Negotiating little one assist and little one assist

After 12 years of marriage, my husband and I separated. We get on well and have decided to represent ourselves. In August he moved to Rhode Island to take his dream teaching job. Our daughters stayed with me and only see him two weekends a month. I earn significantly more than he does so that I can afford to meet their needs. Given our income, I think it makes sense not to pay child support and instead apply your salary to my income of over $ 250,000 to figure out maintenance.

My husband is concerned that a judge would not approve child support because our girls are only 10 years old. Can you tell me how to structure this so that a judge will approve our plan?

Judges do not like agreements that have no child support because it is not your right to forego it, but your children’s right to be supported. However, there are two ways to work around the problem. First, you can have the court appoint a Special Purpose Guardian Ad Litem to investigate the situation and hopefully recommend that waiving child support is in the best interests of your children. I suggest you don’t go that route. In this case there is an easier way.

If there is a support component, you can call it “unallocated support”. This means that it is a combined maintenance and maintenance ruling. The catch is that you have to be careful when drawing. The duration of your maintenance obligation is shorter than the period during which your children are entitled to maintenance. Your agreement should include a plan for college. I suggest you have the end of unallocated support after girls graduate from high school. Then, formulate who pays what for college, and make college dues the only “support” for the children at that point.

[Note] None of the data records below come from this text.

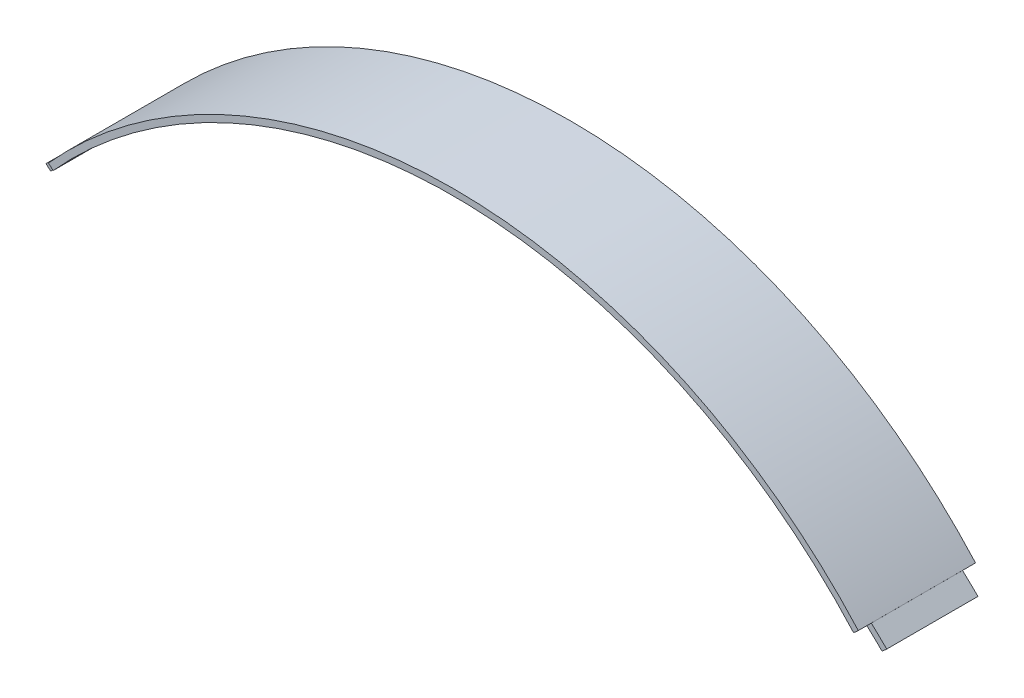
ISO-10303-21;
HEADER;
FILE_DESCRIPTION(('STEP AP214'),'2;1');
FILE_NAME('part.step','',(''),(''),'','','');
FILE_SCHEMA(('AUTOMOTIVE_DESIGN { 1 0 10303 214 1 1 1 1 }'));
ENDSEC;
DATA;
#1=APPLICATION_CONTEXT('core data for automotive mechanical design processes');
#2=APPLICATION_PROTOCOL_DEFINITION('international standard','automotive_design',2000,#1);
#3=PRODUCT_CONTEXT('',#1,'mechanical');
#4=PRODUCT('Part','Part','',(#3));
#5=PRODUCT_RELATED_PRODUCT_CATEGORY('part','',(#4));
#6=PRODUCT_DEFINITION_FORMATION('','',#4);
#7=PRODUCT_DEFINITION_CONTEXT('part definition',#1,'design');
#8=PRODUCT_DEFINITION('design','',#6,#7);
#9=PRODUCT_DEFINITION_SHAPE('','',#8);
#10=(LENGTH_UNIT() NAMED_UNIT(*) SI_UNIT(.MILLI.,.METRE.));
#11=(NAMED_UNIT(*) PLANE_ANGLE_UNIT() SI_UNIT($,.RADIAN.));
#12=(NAMED_UNIT(*) SI_UNIT($,.STERADIAN.) SOLID_ANGLE_UNIT());
#13=UNCERTAINTY_MEASURE_WITH_UNIT(LENGTH_MEASURE(1.E-05),#10,'distance_accuracy_value','');
#14=(GEOMETRIC_REPRESENTATION_CONTEXT(3) GLOBAL_UNCERTAINTY_ASSIGNED_CONTEXT((#13)) GLOBAL_UNIT_ASSIGNED_CONTEXT((#10,
#11,#12)) REPRESENTATION_CONTEXT('',''));
#15=CARTESIAN_POINT('',(0.,0.,0.));
#16=DIRECTION('',(0.,0.,1.));
#17=DIRECTION('',(1.,0.,0.));
#18=AXIS2_PLACEMENT_3D('',#15,#16,#17);
#19=CARTESIAN_POINT('',(450.,22.3938550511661,48.9));
#20=DIRECTION('',(-0.689635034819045,-0.724157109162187,0.));
#21=DIRECTION('',(0.724157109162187,-0.689635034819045,0.));
#22=AXIS2_PLACEMENT_3D('',#19,#20,#21);
#23=PLANE('',#22);
#24=DIRECTION('',(-0.724157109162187,0.689635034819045,0.));
#25=VECTOR('',#24,1.);
#26=CARTESIAN_POINT('',(450.,22.3938550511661,6.1));
#27=LINE('',#26,#25);
#28=CARTESIAN_POINT('',(457.258906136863,15.4809960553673,6.1));
#29=VERTEX_POINT('',#28);
#30=CARTESIAN_POINT('',(450.,22.3938550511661,6.1));
#31=VERTEX_POINT('',#30);
#32=EDGE_CURVE('E80',#29,#31,#27,.T.);
#33=ORIENTED_EDGE('',*,*,#32,.T.);
#34=DIRECTION('',(0.,0.,-1.));
#35=VECTOR('',#34,1.);
#36=CARTESIAN_POINT('',(450.,22.3938550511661,48.9));
#37=LINE('',#36,#35);
#38=CARTESIAN_POINT('',(450.,22.3938550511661,48.9));
#39=VERTEX_POINT('',#38);
#40=EDGE_CURVE('E12',#39,#31,#37,.T.);
#41=ORIENTED_EDGE('',*,*,#40,.F.);
#42=DIRECTION('',(-0.724157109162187,0.689635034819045,0.));
#43=VECTOR('',#42,1.);
#44=CARTESIAN_POINT('',(450.,22.3938550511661,48.9));
#45=LINE('',#44,#43);
#46=CARTESIAN_POINT('',(457.258906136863,15.4809960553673,48.9));
#47=VERTEX_POINT('',#46);
#48=EDGE_CURVE('E98',#47,#39,#45,.T.);
#49=ORIENTED_EDGE('',*,*,#48,.F.);
#50=DIRECTION('',(0.,0.,-1.));
#51=VECTOR('',#50,1.);
#52=CARTESIAN_POINT('',(457.258906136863,15.4809960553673,48.9));
#53=LINE('',#52,#51);
#54=EDGE_CURVE('E92',#47,#29,#53,.T.);
#55=ORIENTED_EDGE('',*,*,#54,.T.);
#56=EDGE_LOOP('',(#33,#41,#49,#55));
#57=FACE_BOUND('',#56,.T.);
#58=ADVANCED_FACE('F36',(#57),#23,.F.);
#59=CARTESIAN_POINT('',(447.81076960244,20.4239633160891,48.9));
#60=DIRECTION('',(0.668886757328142,-0.743364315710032,0.));
#61=DIRECTION('',(0.743364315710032,0.668886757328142,0.));
#62=AXIS2_PLACEMENT_3D('',#59,#60,#61);
#63=PLANE('',#62);
#64=DIRECTION('',(-0.743364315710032,-0.668886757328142,0.));
#65=VECTOR('',#64,1.);
#66=CARTESIAN_POINT('',(447.81076960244,20.4239633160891,6.1));
#67=LINE('',#66,#65);
#68=CARTESIAN_POINT('',(447.81076960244,20.4239633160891,6.1));
#69=VERTEX_POINT('',#68);
#70=EDGE_CURVE('E76',#31,#69,#67,.T.);
#71=ORIENTED_EDGE('',*,*,#70,.T.);
#72=DIRECTION('',(0.,0.,-1.));
#73=VECTOR('',#72,1.);
#74=CARTESIAN_POINT('',(447.81076960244,20.4239633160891,48.9));
#75=LINE('',#74,#73);
#76=CARTESIAN_POINT('',(447.81076960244,20.4239633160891,48.9));
#77=VERTEX_POINT('',#76);
#78=EDGE_CURVE('E43',#77,#69,#75,.T.);
#79=ORIENTED_EDGE('',*,*,#78,.F.);
#80=DIRECTION('',(-0.743364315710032,-0.668886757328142,0.));
#81=VECTOR('',#80,1.);
#82=CARTESIAN_POINT('',(447.81076960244,20.4239633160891,48.9));
#83=LINE('',#82,#81);
#84=EDGE_CURVE('E88',#39,#77,#83,.T.);
#85=ORIENTED_EDGE('',*,*,#84,.F.);
#86=ORIENTED_EDGE('',*,*,#40,.T.);
#87=EDGE_LOOP('',(#71,#79,#85,#86));
#88=FACE_BOUND('',#87,.T.);
#89=ADVANCED_FACE('F87',(#88),#63,.F.);
#90=CARTESIAN_POINT('',(455.064857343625,13.4969387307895,48.9));
#91=DIRECTION('',(0.690614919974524,0.723222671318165,0.));
#92=DIRECTION('',(-0.723222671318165,0.690614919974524,0.));
#93=AXIS2_PLACEMENT_3D('',#90,#91,#92);
#94=PLANE('',#93);
#95=DIRECTION('',(0.723222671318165,-0.690614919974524,0.));
#96=VECTOR('',#95,1.);
#97=CARTESIAN_POINT('',(455.064857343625,13.4969387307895,6.1));
#98=LINE('',#97,#96);
#99=CARTESIAN_POINT('',(455.064857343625,13.4969387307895,6.1));
#100=VERTEX_POINT('',#99);
#101=EDGE_CURVE('E81',#69,#100,#98,.T.);
#102=ORIENTED_EDGE('',*,*,#101,.T.);
#103=DIRECTION('',(0.,0.,-1.));
#104=VECTOR('',#103,1.);
#105=CARTESIAN_POINT('',(455.064857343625,13.4969387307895,48.9));
#106=LINE('',#105,#104);
#107=CARTESIAN_POINT('',(455.064857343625,13.4969387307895,48.9));
#108=VERTEX_POINT('',#107);
#109=EDGE_CURVE('E104',#108,#100,#106,.T.);
#110=ORIENTED_EDGE('',*,*,#109,.F.);
#111=DIRECTION('',(0.723222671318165,-0.690614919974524,0.));
#112=VECTOR('',#111,1.);
#113=CARTESIAN_POINT('',(455.064857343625,13.4969387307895,48.9));
#114=LINE('',#113,#112);
#115=EDGE_CURVE('E55',#77,#108,#114,.T.);
#116=ORIENTED_EDGE('',*,*,#115,.F.);
#117=ORIENTED_EDGE('',*,*,#78,.T.);
#118=EDGE_LOOP('',(#102,#110,#116,#117));
#119=FACE_BOUND('',#118,.T.);
#120=ADVANCED_FACE('F107',(#119),#94,.F.);
#121=CARTESIAN_POINT('',(457.258906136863,15.4809960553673,48.9));
#122=DIRECTION('',(-0.670721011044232,0.741709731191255,0.));
#123=DIRECTION('',(-0.741709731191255,-0.670721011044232,0.));
#124=AXIS2_PLACEMENT_3D('',#121,#122,#123);
#125=PLANE('',#124);
#126=DIRECTION('',(0.741709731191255,0.670721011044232,0.));
#127=VECTOR('',#126,1.);
#128=CARTESIAN_POINT('',(457.258906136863,15.4809960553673,6.1));
#129=LINE('',#128,#127);
#130=EDGE_CURVE('E96',#100,#29,#129,.T.);
#131=ORIENTED_EDGE('',*,*,#130,.T.);
#132=ORIENTED_EDGE('',*,*,#54,.F.);
#133=DIRECTION('',(0.741709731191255,0.670721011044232,0.));
#134=VECTOR('',#133,1.);
#135=CARTESIAN_POINT('',(457.258906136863,15.4809960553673,48.9));
#136=LINE('',#135,#134);
#137=EDGE_CURVE('E50',#108,#47,#136,.T.);
#138=ORIENTED_EDGE('',*,*,#137,.F.);
#139=ORIENTED_EDGE('',*,*,#109,.T.);
#140=EDGE_LOOP('',(#131,#132,#138,#139));
#141=FACE_BOUND('',#140,.T.);
#142=ADVANCED_FACE('F109',(#141),#125,.F.);
#143=CARTESIAN_POINT('',(457.258906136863,15.4809960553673,48.9));
#144=DIRECTION('',(0.,0.,-1.));
#145=DIRECTION('',(-1.,0.,0.));
#146=AXIS2_PLACEMENT_3D('',#143,#144,#145);
#147=PLANE('',#146);
#148=ORIENTED_EDGE('',*,*,#48,.T.);
#149=ORIENTED_EDGE('',*,*,#84,.T.);
#150=ORIENTED_EDGE('',*,*,#115,.T.);
#151=ORIENTED_EDGE('',*,*,#137,.T.);
#152=EDGE_LOOP('',(#148,#149,#150,#151));
#153=FACE_BOUND('',#152,.T.);
#154=ADVANCED_FACE('F110',(#153),#147,.F.);
#155=CARTESIAN_POINT('',(457.258906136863,15.4809960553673,6.1));
#156=DIRECTION('',(0.,0.,-1.));
#157=DIRECTION('',(-1.,0.,0.));
#158=AXIS2_PLACEMENT_3D('',#155,#156,#157);
#159=PLANE('',#158);
#160=ORIENTED_EDGE('',*,*,#32,.F.);
#161=ORIENTED_EDGE('',*,*,#130,.F.);
#162=ORIENTED_EDGE('',*,*,#101,.F.);
#163=ORIENTED_EDGE('',*,*,#70,.F.);
#164=EDGE_LOOP('',(#160,#161,#162,#163));
#165=FACE_BOUND('',#164,.T.);
#166=ADVANCED_FACE('F77',(#165),#159,.T.);
#167=CLOSED_SHELL('',(#58,#89,#120,#142,#154,#166));
#168=MANIFOLD_SOLID_BREP('B2',#167);
#169=CARTESIAN_POINT('',(70.,22.3938550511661,55.));
#170=DIRECTION('',(0.668886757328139,0.743364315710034,0.));
#171=DIRECTION('',(-0.743364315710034,0.668886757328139,0.));
#172=AXIS2_PLACEMENT_3D('',#169,#170,#171);
#173=PLANE('',#172);
#174=DIRECTION('',(-0.743364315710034,0.668886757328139,0.));
#175=VECTOR('',#174,1.);
#176=CARTESIAN_POINT('',(72.1892303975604,20.4239633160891,6.1));
#177=LINE('',#176,#175);
#178=CARTESIAN_POINT('',(72.1892303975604,20.4239633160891,6.1));
#179=VERTEX_POINT('',#178);
#180=CARTESIAN_POINT('',(70.,22.3938550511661,6.1));
#181=VERTEX_POINT('',#180);
#182=EDGE_CURVE('E162',#179,#181,#177,.T.);
#183=ORIENTED_EDGE('',*,*,#182,.T.);
#184=DIRECTION('',(0.,0.,-1.));
#185=VECTOR('',#184,1.);
#186=CARTESIAN_POINT('',(70.,22.3938550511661,55.));
#187=LINE('',#186,#185);
#188=CARTESIAN_POINT('',(70.,22.3938550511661,0.));
#189=VERTEX_POINT('',#188);
#190=EDGE_CURVE('E155',#181,#189,#187,.T.);
#191=ORIENTED_EDGE('',*,*,#190,.T.);
#192=DIRECTION('',(0.743364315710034,-0.668886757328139,0.));
#193=VECTOR('',#192,1.);
#194=CARTESIAN_POINT('',(70.,22.3938550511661,0.));
#195=LINE('',#194,#193);
#196=CARTESIAN_POINT('',(72.1892303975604,20.4239633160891,0.));
#197=VERTEX_POINT('',#196);
#198=EDGE_CURVE('E253',#189,#197,#195,.T.);
#199=ORIENTED_EDGE('',*,*,#198,.T.);
#200=DIRECTION('',(0.,0.,-1.));
#201=VECTOR('',#200,1.);
#202=CARTESIAN_POINT('',(72.1892303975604,20.4239633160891,55.));
#203=LINE('',#202,#201);
#204=EDGE_CURVE('E272',#179,#197,#203,.T.);
#205=ORIENTED_EDGE('',*,*,#204,.F.);
#206=EDGE_LOOP('',(#183,#191,#199,#205));
#207=FACE_BOUND('',#206,.T.);
#208=ADVANCED_FACE('F147',(#207),#173,.F.);
#209=CARTESIAN_POINT('',(260.006239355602,-148.575687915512,55.));
#210=DIRECTION('',(0.,0.,-1.));
#211=DIRECTION('',(-1.,0.,0.));
#212=AXIS2_PLACEMENT_3D('',#209,#210,#211);
#213=CYLINDRICAL_SURFACE('',#212,255.60312129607);
#214=CARTESIAN_POINT('',(260.006239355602,-148.575687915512,0.));
#215=DIRECTION('',(0.,0.,1.));
#216=DIRECTION('',(-1.,0.,0.));
#217=AXIS2_PLACEMENT_3D('',#214,#215,#216);
#218=CIRCLE('',#217,255.60312129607);
#219=CARTESIAN_POINT('',(450.,22.4077221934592,0.));
#220=VERTEX_POINT('',#219);
#221=EDGE_CURVE('E229',#220,#189,#218,.T.);
#222=ORIENTED_EDGE('',*,*,#221,.T.);
#223=ORIENTED_EDGE('',*,*,#190,.F.);
#224=DIRECTION('',(0.,0.,-1.));
#225=VECTOR('',#224,1.);
#226=CARTESIAN_POINT('',(70.,22.3938550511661,48.9));
#227=LINE('',#226,#225);
#228=CARTESIAN_POINT('',(70.,22.3938550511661,48.9));
#229=VERTEX_POINT('',#228);
#230=EDGE_CURVE('E234',#229,#181,#227,.T.);
#231=ORIENTED_EDGE('',*,*,#230,.F.);
#232=CARTESIAN_POINT('',(70.,22.3938550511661,55.));
#233=VERTEX_POINT('',#232);
#234=EDGE_CURVE('E34',#233,#229,#187,.T.);
#235=ORIENTED_EDGE('',*,*,#234,.F.);
#236=CARTESIAN_POINT('',(260.006239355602,-148.575687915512,55.));
#237=DIRECTION('',(0.,0.,1.));
#238=DIRECTION('',(-1.,0.,0.));
#239=AXIS2_PLACEMENT_3D('',#236,#237,#238);
#240=CIRCLE('',#239,255.60312129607);
#241=CARTESIAN_POINT('',(450.,22.4077221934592,55.));
#242=VERTEX_POINT('',#241);
#243=EDGE_CURVE('E260',#242,#233,#240,.T.);
#244=ORIENTED_EDGE('',*,*,#243,.F.);
#245=DIRECTION('',(0.,0.,-1.));
#246=VECTOR('',#245,1.);
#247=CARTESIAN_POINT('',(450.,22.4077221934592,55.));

Before entering into the contract with your husband, be sure to follow the guidelines for child support on the first $ 250,000 of combined income. See how much he would have to pay you as child benefit. Then take the difference between your respective earnings over the amount used for the combined $ 250,000 and apply a middle way percentage (let’s say 25% since alimony is not a taxable event). Subtract the amount he would owe for child support from what you would owe for child support to see if the numbers are close to what you are currently willing to pay.

Final Tips (1) If you don’t want attorneys, hire at least one attorney / mediator to draft your agreement so that it gets carried out properly. (2) Provide a worksheet with guidelines for child support even if child support is not paid the judge will want and (3) find out if child support is deductible on RI state tax returns – it’s in Massachusetts.